WHAT IS BEING ASKED: Return the lines below that contain the word "zscale".

(Saved data entries)
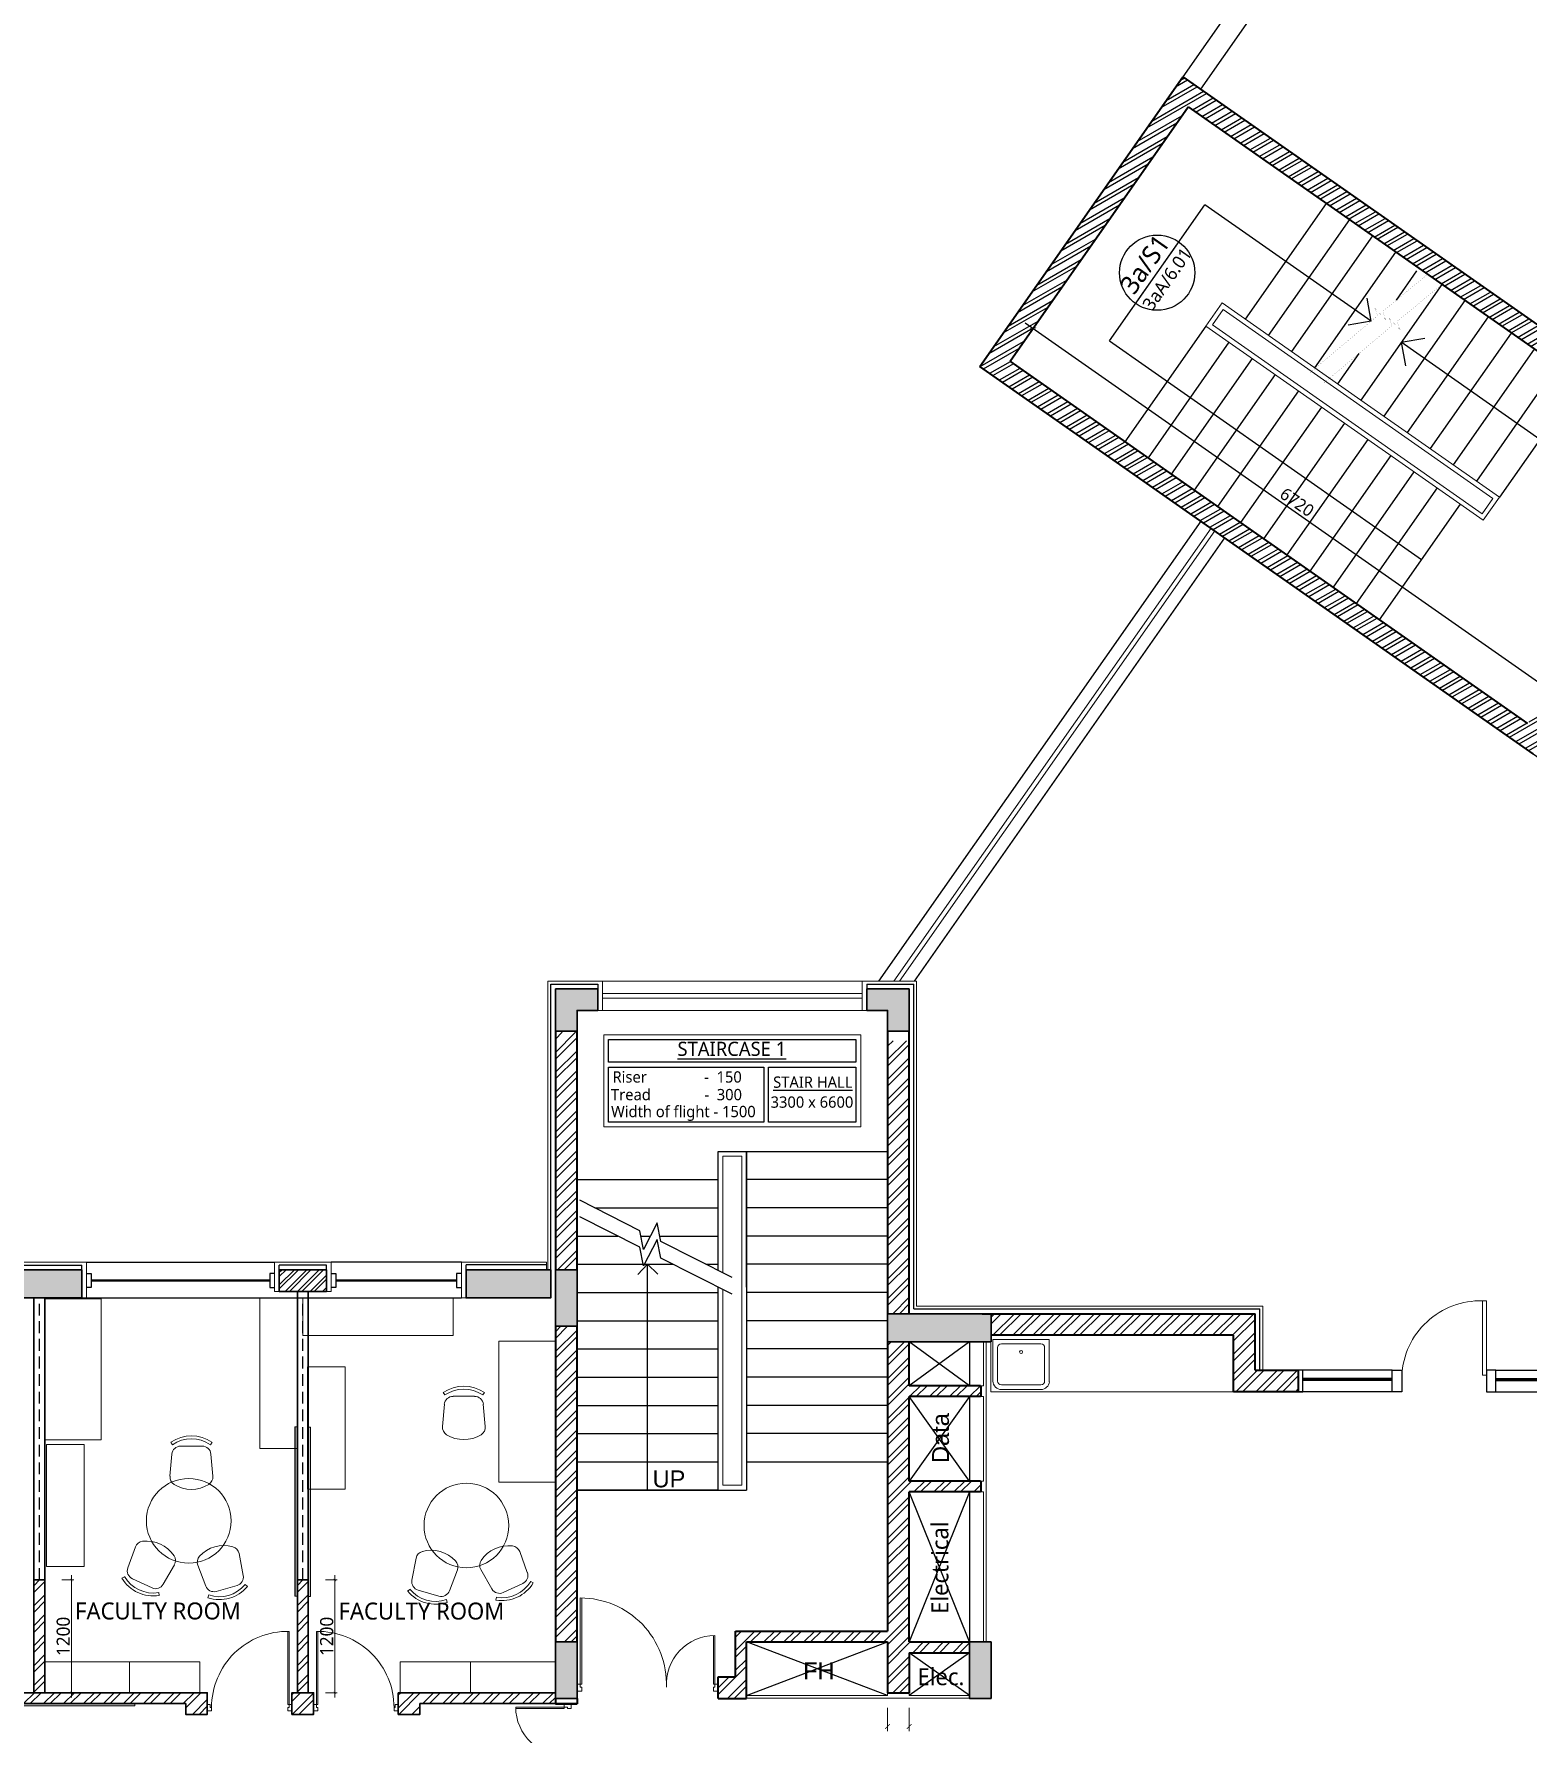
# Model space of a CAD drawing. Header units: millimetres. Extents: x 897770 to 1185420, y -692043 to -233237.
# Drawn here: x 921961 to 937830, y -507807 to -489742 of the extents above; entities that cross this region are included whole.
import ezdxf
from ezdxf.enums import TextEntityAlignment as Align

# ---------------------------------------------------------------- set-up
doc = ezdxf.new("R2010")
doc.units = ezdxf.units.MM
doc.header["$MEASUREMENT"] = 0
doc.header["$PDMODE"] = 67
for name, pattern in [('Dash', [6, 3, -3]), ('DASHED2', [0.375, 0.25, -0.125]), ('HIDDEN', [0.375, 0.25, -0.125])]:
    doc.linetypes.add(name, pattern=pattern)
doc.layers.get('Defpoints').update_dxf_attribs({"color": 6})
for name, color, linetype in [('A-Anno Tags', 6, 'Continuous'), ('A-Elevation', 4, 'Continuous'), ('A-Steps', 3, 'Continuous'), ('A-Wall Patt', 8, 'Continuous'), ('A-Window', 4, 'Continuous'), ('Anno_Labels', 7, 'Continuous'), ('S-Conc Patt', 9, 'Continuous')]:
    doc.layers.add(name, color=color, linetype=linetype)
for name, color, linetype, lineweight in [('A-Detail Lines', 8, 'Continuous', 25), ('A-Door', 4, 'Continuous', 9), ('A-DTLS-Elevation', 4, 'Continuous', 25), ('A-Wall Sec', 1, 'Continuous', 30), ('A-WIN', 5, 'Continuous', 25), ('counter', 10, 'Continuous', 20), ('Dim', 254, 'Continuous', 13), ('DW Tags', 7, 'Continuous', 13), ('ele l', 6, 'Continuous', 15), ('elevation', 4, 'Continuous', 13), ('frntr', 32, 'Continuous', 13), ('I-Furniture', 34, 'Continuous', 13), ('S-Concrete', 40, 'Continuous', 30), ('ST CLADDING PLAN', 6, 'Continuous', 9), ('STAIR', 3, 'Continuous', 9), ('text', 7, 'Continuous', 5)]:
    doc.layers.add(name, color=color, linetype=linetype, lineweight=lineweight)
doc.layers.add('I-Kitchen App', color=7, linetype='Continuous', lineweight=18, true_color=0xd06f25)
doc.styles.add('IIITD @ 100', font='trebuc.ttf', dxfattribs={"height": 210})
doc.styles.get("Standard").update_dxf_attribs({"font": 'trebuc.ttf'})
doc.dimstyles.new('IIITD_WD_M @ 100', dxfattribs={"dimscale": 100, "dimtxt": 1.3, "dimasz": 0.75, "dimexe": 0.5, "dimexo": 0.25, "dimgap": 0.3, "dimtad": 1, "dimdec": 0, "dimrnd": 1, "dimzin": 0, "dimdsep": 46, "dimtxsty": 'Standard', "dimblk": 'ARCHTICK', "dimcen": 0.2, "dimdle": 1, "dimclrd": 8, "dimclre": 9, "dimadec": 0, "dimazin": 0, "dimtfac": 1, "dimtdec": 0, "dimtofl": 0, "dimtmove": 0, "dimatfit": 0, "dimfxl": 1, "dimtolj": 1, "dimtzin": 0, "dimlwd": -1, "dimlwe": -1, "dimarcsym": 0})
doc.dimstyles.new('IIITD_WD_M @ 50', dxfattribs={"dimscale": 50, "dimtxt": 2, "dimasz": 0.5, "dimexe": 0.5, "dimexo": 0.25, "dimgap": 0.3, "dimtad": 1, "dimdec": 0, "dimrnd": 1, "dimzin": 0, "dimdsep": 46, "dimtxsty": 'Standard', "dimblk": 'ARCHTICK', "dimcen": 0.2, "dimdle": 1, "dimclrd": 8, "dimclre": 9, "dimadec": 0, "dimazin": 0, "dimtfac": 1, "dimtdec": 0, "dimtofl": 0, "dimtmove": 0, "dimatfit": 0, "dimfxl": 1, "dimtolj": 1, "dimtzin": 0, "dimlwd": -1, "dimlwe": -1, "dimarcsym": 0})

# ---------------------------------------------------------------- blocks, each defined once
blk = doc.blocks.new('Big Door Garbage')
at = {"layer": 'A-Detail Lines', "lineweight": 18}
for centre, radius, start, end in [((-12515, 128703), 515, 270, 3.8969), ((-11085, 128703), 915, 177.8078, 270)]:
    blk.add_arc(centre, radius, start, end, dxfattribs=at)
at = {"layer": 'ele l', "lineweight": 18}
for p, q in [((-12550, 128778), (-12500, 128778)), ((-12550, 128703), (-12550, 128778)), ((-12550, 128703), (-12515, 128703)), ((-12515, 128738), (-12500, 128738)), ((-12515, 128703), (-12515, 128738)), ((-12515, 128703), (-12515, 128188)), ((-12499, 128703), (-12515, 128703)), ((-12500, 128778), (-12500, 128738)), ((-12499, 128703), (-12499, 128188)), ((-11101, 128703), (-11101, 127788)), ((-11101, 128703), (-11085, 128703)), ((-11100, 128778), (-11100, 128738)), ((-11050, 128778), (-11100, 128778)), ((-11085, 128738), (-11100, 128738)), ((-11085, 128703), (-11085, 128738)), ((-11050, 128703), (-11085, 128703)), ((-11085, 128703), (-11085, 127788)), ((-11050, 128703), (-11050, 128778))]:
    blk.add_line(p, q, dxfattribs=at)
blk = doc.blocks.new('WEREWGFWERG')
at = {"layer": 'A-Wall Patt'}
h = blk.add_hatch(dxfattribs=at)
h.set_pattern_fill('ANSI32', color=256, scale=250, style=0)
h.set_pattern_definition([(45, (11200, 500), (-66.291261, 66.291261), []), (45, (11244.19, 500), (-66.291261, 66.291261), [])])
h.paths.add_polyline_path([(924568, -353681), (924568, -353911), (925068, -353911), (925068, -353681)])
at = {"layer": 'A-Detail Lines'}
for p, q in [((925068, -353631, 0), (924568, -353631, 0)), ((924568, -353681, 0), (924568, -353631, 0)), ((925068, -353681, 0), (925068, -353631, 0))]:
    blk.add_line(p, q, dxfattribs=at)
at = {"layer": 'A-Wall Sec', "elevation": 0}
blk.add_lwpolyline([(924568, -353911), (924568, -353681), (925068, -353681), (925068, -353911)], close=True, dxfattribs=at)
blk.add_lwpolyline([(924568, -353911), (924568, -353681), (925068, -353681), (925068, -353911)], close=True, dxfattribs=at)
at = {"layer": 'A-WIN', "color": 2, "lineweight": 40}
blk.add_line((926453, -353796, 0), (925168, -353796, 0), dxfattribs=at)
at = {"layer": 'A-WIN', "color": 2, "lineweight": 40, "elevation": 0}
blk.add_lwpolyline([(922568, -353796), (924468, -353796)], dxfattribs=at)
blk.add_lwpolyline([(922568, -353796), (924468, -353796)], dxfattribs=at)
at = {"layer": 'A-Window'}
for p, q in [((926503, -353601, 0), (925118, -353601, 0)), ((922518, -353981, 0), (926503, -353981, 0))]:
    blk.add_line(p, q, dxfattribs=at)
at = {"layer": 'A-Window', "elevation": 0}
for points in [[(922518, -353601), (924518, -353601)], [(922518, -353721), (922568, -353721), (922568, -353871), (922518, -353871)], [(924518, -353721), (924468, -353721), (924468, -353871), (924518, -353871)], [(925118, -353721), (925168, -353721), (925168, -353871), (925118, -353871)], [(926503, -353721), (926453, -353721), (926453, -353871), (926503, -353871)]]:
    blk.add_lwpolyline(points, dxfattribs=at)
at = {"layer": 'ST CLADDING PLAN'}
for p, q in [((922518, -353981), (922518, -353601)), ((924518, -353911, 0), (924518, -353601, 0)), ((925118, -353601, 0), (924518, -353601, 0)), ((925118, -353911, 0), (925118, -353601, 0)), ((926503, -353981, 0), (926503, -353601, 0)), ((922518, -353981, 0), (922468, -353981)), ((924518, -353911, 0), (924568, -353911, 0)), ((925118, -353911, 0), (925068, -353911, 0)), ((926503, -353981, 0), (926553, -353981, 0))]:
    blk.add_line(p, q, dxfattribs=at)
blk = doc.blocks.new('_ArchTick')
at = {"color": 0, "linetype": 'ByBlock', "const_width": 0.15}
blk.add_lwpolyline([(-0.5, -0.5), (0.5, 0.5)], dxfattribs=at)
blk = doc.blocks.new('ERFWERWERG')
at = {"layer": 'A-Detail Lines', "ltscale": 3}
for p, q in [((931903, -269525, 0), (931263, -269059, 0)), ((931903, -269059, 0), (931263, -269525)), ((931903, -270540, 0), (931263, -269640)), ((931903, -269640, 0), (931263, -270540)), ((931903, -270655, 0), (931263, -272249)), ((931903, -272249, 0), (931264, -270655)), ((931033, -272819), (929533, -272249)), ((929533, -272819), (931033, -272249)), ((931903, -272819), (931263, -272364)), ((931903, -272364), (931263, -272819))]:
    blk.add_line(p, q, dxfattribs=at)
at = {"layer": 'A-Elevation'}
for p, q in [((931903, -269059, 0), (931903, -269525, 0)), ((931903, -269640, 0), (931903, -270540, 0)), ((931903, -270655, 0), (931903, -272249, 0))]:
    blk.add_line(p, q, dxfattribs=at)
at = {"layer": 'A-Wall Sec', "lineweight": 35}
for p, q in [((932023, -269525), (932023, -269640)), ((932023, -270540), (932023, -270655)), ((931033, -272789), (931263, -272789))]:
    blk.add_line(p, q, dxfattribs=at)
at = {"layer": 'DW Tags'}
for p, q in [((931033, -272949), (931033, -273199)), ((931263, -272949), (931263, -273199))]:
    blk.add_line(p, q, dxfattribs=at)
at = {"layer": 'ele l'}
for p, q in [((932053, -269525, 0), (932053, -269059, 0)), ((932083, -272249, 0), (932083, -269059, 0)), ((932023, -269525), (932053, -269525, 0)), ((932023, -269640), (932053, -269640, 0)), ((932053, -270540, 0), (932053, -269640, 0)), ((932023, -270540), (932053, -270540, 0)), ((932023, -270655), (932053, -270655, 0)), ((932053, -272249, 0), (932053, -270655, 0)), ((931033, -272819), (929533, -272819)), ((931903, -272849), (929533, -272849)), ((931033, -272819), (931033, -272789)), ((931263, -272819), (931263, -272789)), ((931263, -272819), (931903, -272819))]:
    blk.add_line(p, q, dxfattribs=at)
at = {"layer": 'DW Tags', "xscale": 50, "yscale": 50, "zscale": 50}
blk.add_blockref('_ArchTick', (931033, -273149), dxfattribs=at)
at = {"layer": 'DW Tags', "xscale": 50, "yscale": 50, "zscale": 50, "rotation": 180}
blk.add_blockref('_ArchTick', (931263, -273149), dxfattribs=at)
at = {"layer": 'A-Anno Tags', "char_height": 180, "attachment_point": 5, "rotation": 90, "line_spacing_factor": 0.938532}
for s, insert in [('\\fArial|b0|i0|c0|p34|;Data', (931597, -270082)), ('Electrical', (931591, -271460))]:
    blk.add_mtext(s, dxfattribs=dict(at, insert=insert))
at = {"layer": 'A-Anno Tags', "char_height": 180, "attachment_point": 5, "line_spacing_factor": 0.938532}
for s, insert in [('{\\fArial|b0|i0|c0|p34;FH}', (930303, -272556)), ('Elec.', (931601, -272621))]:
    blk.add_mtext(s, dxfattribs=dict(at, insert=insert))
blk = doc.blocks.new('DW2')
at = {"layer": 'A-Door', "color": 5}
for p, q in [((43354, -198780), (43354, -197988)), ((43396, -197988), (43354, -197988)), ((43396, -197988), (43396, -198780)), ((43396, -198780), (43354, -198780))]:
    blk.add_line(p, q, dxfattribs=at)
at = {"layer": 'A-Door'}
blk.add_ellipse((43302, -197975), major_axis=(-598, 560), ratio=0.966508, start_param=0.785398, end_param=2.371094, dxfattribs=at)
at = {"layer": 'A-Window'}
for p, q in [((42396, -197813), (41396, -197813)), ((43496, -197813), (44496, -197813)), ((42396, -198043), (41396, -198043)), ((43496, -198043), (44496, -198043))]:
    blk.add_line(p, q, dxfattribs=at)
at = {"layer": 'A-Window', "color": 2, "lineweight": 60}
for p, q in [((42396, -197943), (41446, -197943)), ((43496, -197943), (44446, -197943))]:
    blk.add_line(p, q, dxfattribs=at)
at = {"layer": 'A-Window'}
for points in [[(41396, -197813), (41446, -197813), (41446, -198043), (41396, -198043)], [(44496, -197813), (44444, -197813), (44444, -198043), (44496, -198043)]]:
    blk.add_lwpolyline(points, dxfattribs=at)
for points in [[(42496, -197813), (42396, -197813), (42396, -198043), (42496, -198043)], [(43396, -197813), (43496, -197813), (43496, -198043), (43396, -198043)]]:
    blk.add_lwpolyline(points, close=True, dxfattribs=at)
blk = doc.blocks.new('block lft')
at = {"layer": 'S-Conc Patt'}
for points in [[(821415, -274526), (821415, -274226), (820515, -274226), (820515, -274526)], [(826400, -274526), (826400, -274226), (825500, -274226), (825500, -274526)]]:
    blk.add_hatch(color=256, dxfattribs=at).paths.add_polyline_path(points)
at = {"layer": 'S-Concrete'}
blk.add_lwpolyline([(820515, -274226), (820515, -274526), (821415, -274526), (821415, -274226)], close=True, dxfattribs=at)
at = {"layer": 'S-Concrete', "elevation": 0}
blk.add_lwpolyline([(825500, -274226), (825500, -274526), (826400, -274526), (826400, -274226)], close=True, dxfattribs=at)
blk = doc.blocks.new('t4ww4tw3')
at = {"layer": 'S-Conc Patt'}
for points in [[(777503, -499894), (777953, -499894), (777953, -500124), (777733, -500124), (777733, -500344), (777503, -500344)], [(781263, -499894), (780813, -499894), (780813, -500124), (781033, -500124), (781033, -500344), (781263, -500344)], [(777503, -503481), (777733, -503481), (777733, -502881), (777503, -502881)], [(782133, -503649), (782133, -503349), (781033, -503349), (781033, -503649)], [(777503, -507439), (777733, -507439), (777733, -506839), (777503, -506839)], [(781903, -507439), (782133, -507439), (782133, -506839), (781903, -506839)]]:
    blk.add_hatch(color=256, dxfattribs=at).paths.add_polyline_path(points)
at = {"layer": 'S-Concrete'}
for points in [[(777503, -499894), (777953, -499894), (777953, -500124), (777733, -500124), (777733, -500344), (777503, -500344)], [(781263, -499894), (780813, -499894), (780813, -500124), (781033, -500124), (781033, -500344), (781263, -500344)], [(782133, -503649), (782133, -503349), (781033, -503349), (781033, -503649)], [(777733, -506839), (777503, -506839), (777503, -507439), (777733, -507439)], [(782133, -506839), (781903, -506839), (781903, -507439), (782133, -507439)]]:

TASK ANSWER:
at = {"layer": 'DW Tags', "xscale": 50, "yscale": 50, "zscale": 50}
at = {"layer": 'DW Tags', "xscale": 50, "yscale": 50, "zscale": 50, "rotation": 180}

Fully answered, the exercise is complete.